__EXCERPTED RECORDS__.

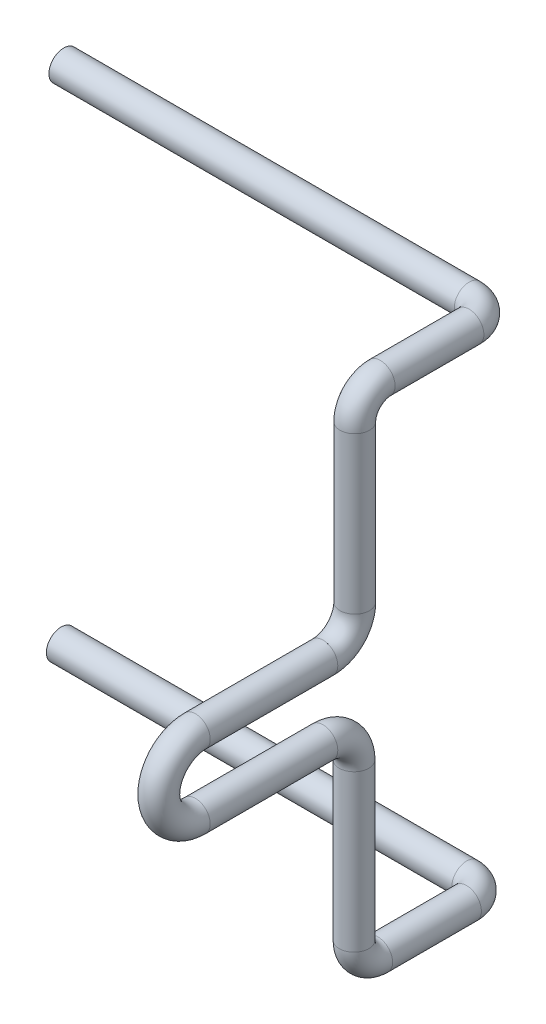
from build123d import *

# Parameters (mm, degrees)
SKETCH1_R            = 1.27
BOSS_EXTRUDE1_DEPTH  = 10.9474
SKETCH2_R            = 1.27
REVOLVE1_ANGLE       = 180
SKETCH3_R            = 1.27
BOSS_EXTRUDE2_DEPTH  = 10.9474
SKETCH5_R            = 1.27
REVOLVE2_ANGLE       = 90
SKETCH6_R            = 1.27
REVOLVE3_ANGLE       = 90
SKETCH7_R            = 1.27
BOSS_EXTRUDE3_DEPTH  = 13.4112
SKETCH8_R            = 1.27
BOSS_EXTRUDE4_DEPTH  = 13.4112
SKETCH9_R            = 1.27
REVOLVE6_ANGLE       = 90
SKETCH10_R           = 1.27
REVOLVE7_ANGLE       = 90
SKETCH13_R           = 1.27
BOSS_EXTRUDE7_DEPTH  = 7.62
SKETCH14_R           = 1.27
BOSS_EXTRUDE8_DEPTH  = 7.62
SKETCH15_R           = 1.27
REVOLVE8_ANGLE       = 90
SKETCH17_R           = 1.27
REVOLVE9_ANGLE       = 90
SKETCH18_R           = 1.27
BOSS_EXTRUDE9_DEPTH  = 34.798
SKETCH19_R           = 1.27
BOSS_EXTRUDE10_DEPTH = 34.798


with BuildPart() as part:
    # Sketch1 → Boss-Extrude1 (new body)
    with BuildSketch(Plane.XY):
        Circle(SKETCH1_R)
    extrude(amount=BOSS_EXTRUDE1_DEPTH)

    # Sketch2 → Revolve1 (revolve)
    with BuildSketch(Plane.XY.offset(10.9474)):
        with Locations(Location((0, 0, 0), (0, 0, 90))):
            Circle(SKETCH2_R)
    revolve(axis=Axis((-3.155064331, -3.145750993, 10.9474), (1, 0, 0)), revolution_arc=REVOLVE1_ANGLE)

    # Sketch3 → Boss-Extrude2 (add)
    with BuildSketch(Plane(origin=(0, 0, 10.9474), x_dir=(-1, 0, 0), z_dir=(0, 0, -1))):
        with Locations(Location((0, -6.291501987, 0), (0, 0, 270))):
            Circle(SKETCH3_R)
    extrude(amount=BOSS_EXTRUDE2_DEPTH)

    # Sketch5 → Revolve2 (revolve)
    with BuildSketch(Plane(origin=(0, 0, 0), x_dir=(-1, 0, 0), z_dir=(0, 0, -1))):
        with Locations(Location((0, -6.291501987, 0), (0, 0, 270))):
            Circle(SKETCH5_R)
    revolve(axis=Axis((3.213491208, -8.956971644, 0), (-1, 0, 0)), revolution_arc=REVOLVE2_ANGLE)

    # Sketch7 → Boss-Extrude3 (add)
    with BuildSketch(Plane.XZ.offset(8.956971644)):
        with Locations(Location((0, -2.665469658, 0), (0, 0, 270))):
            Circle(SKETCH7_R)
    extrude(amount=BOSS_EXTRUDE3_DEPTH)

    # Sketch10 → Revolve7 (revolve)
    with BuildSketch(Plane.XZ.offset(22.368171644)):
        with Locations(Location((0, -2.665469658, 0), (0, 0, 90))):
            Circle(SKETCH10_R)
    revolve(axis=Axis((-2.193874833, -22.368171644, -4.706133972), (1, 0, 0)), revolution_arc=REVOLVE7_ANGLE)

    # Sketch13 → Boss-Extrude7 (add)
    with BuildSketch(Plane(origin=(0, 0, -4.706133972), x_dir=(-1, 0, 0), z_dir=(0, 0, -1))):
        with Locations(Location((0, -24.408835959, 0), (0, 0, 270))):
            Circle(SKETCH13_R)
    extrude(amount=BOSS_EXTRUDE7_DEPTH)

    # Sketch17 → Revolve9 (revolve)
    with BuildSketch(Plane(origin=(0, 0, -12.326133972), x_dir=(-1, 0, 0), z_dir=(0, 0, -1))):
        with Locations(Location((0, -24.408835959, 0), (0, 0, 270))):
            Circle(SKETCH17_R)
    revolve(axis=Axis((-1.821757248, -24.860968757, -12.326133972), (0, 1, 0)), revolution_arc=REVOLVE9_ANGLE)

    # Sketch18 → Boss-Extrude9 (add)
    with BuildSketch(Plane.ZY.offset(1.821757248)):
        with Locations(Location((-14.14789122, -24.408835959, 0), (0, 0, 180))):
            Circle(SKETCH18_R)
    extrude(amount=BOSS_EXTRUDE9_DEPTH)


with BuildPart() as body_2:
    # Sketch6 → Revolve3 (revolve)
    with BuildSketch(Plane(origin=(0, 0, 0), x_dir=(-1, 0, 0), z_dir=(0, 0, -1))):
        with Locations(Location((0, 0, 0), (0, 0, 90))):
            Circle(SKETCH6_R)
    revolve(axis=Axis((2.711005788, 2.727883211, 0), (1, 0, 0)), revolution_arc=REVOLVE3_ANGLE)

    # Sketch8 → Boss-Extrude4 (add)
    with BuildSketch(Plane(origin=(0, 2.727883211, 0), x_dir=(1, 0, 0), z_dir=(0, 1, 0))):
        with Locations(Location((0, 2.727883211, 0), (0, 0, 90))):
            Circle(SKETCH8_R)
    extrude(amount=BOSS_EXTRUDE4_DEPTH)

    # Sketch9 → Revolve6 (revolve)
    with BuildSketch(Plane(origin=(0, 16.139083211, 0), x_dir=(1, 0, 0), z_dir=(0, 1, 0))):
        with Locations(Location((0, 2.727883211, 0), (0, 0, 90))):
            Circle(SKETCH9_R)
    revolve(axis=Axis((-1.886632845, 16.139083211, -4.920863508), (-1, 0, 0)), revolution_arc=REVOLVE6_ANGLE)

    # Sketch14 → Boss-Extrude8 (add)
    with BuildSketch(Plane(origin=(0, 0, -4.920863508), x_dir=(-1, 0, 0), z_dir=(0, 0, -1))):
        with Locations(Location((0, 18.332063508, 0), (0, 0, 90))):
            Circle(SKETCH14_R)
    extrude(amount=BOSS_EXTRUDE8_DEPTH)

    # Sketch15 → Revolve8 (revolve)
    with BuildSketch(Plane(origin=(0, 0, -12.540863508), x_dir=(-1, 0, 0), z_dir=(0, 0, -1))):
        with Locations(Location((0, 18.332063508, 0), (0, 0, 180))):
            Circle(SKETCH15_R)
    revolve(axis=Axis((-2.007828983, 21.532692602, -12.540863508), (0, 1, 0)), revolution_arc=REVOLVE8_ANGLE)

    # Sketch19 → Boss-Extrude10 (add)
    with BuildSketch(Plane.ZY.offset(2.007828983)):
        with Locations(Location((-14.548692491, 18.332063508, 0), (0, 0, 180))):
            Circle(SKETCH19_R)
    extrude(amount=BOSS_EXTRUDE10_DEPTH)


solid = Compound([part.part, body_2.part])

__WORK ORDER__. Read through the entries, then copy every line where the string "amount" is found.

__RESPONSE TO THIS EXERCISE__.
    extrude(amount=BOSS_EXTRUDE1_DEPTH)
    extrude(amount=BOSS_EXTRUDE2_DEPTH)
    extrude(amount=BOSS_EXTRUDE3_DEPTH)
    extrude(amount=BOSS_EXTRUDE7_DEPTH)
    extrude(amount=BOSS_EXTRUDE9_DEPTH)
    extrude(amount=BOSS_EXTRUDE4_DEPTH)
    extrude(amount=BOSS_EXTRUDE8_DEPTH)
    extrude(amount=BOSS_EXTRUDE10_DEPTH)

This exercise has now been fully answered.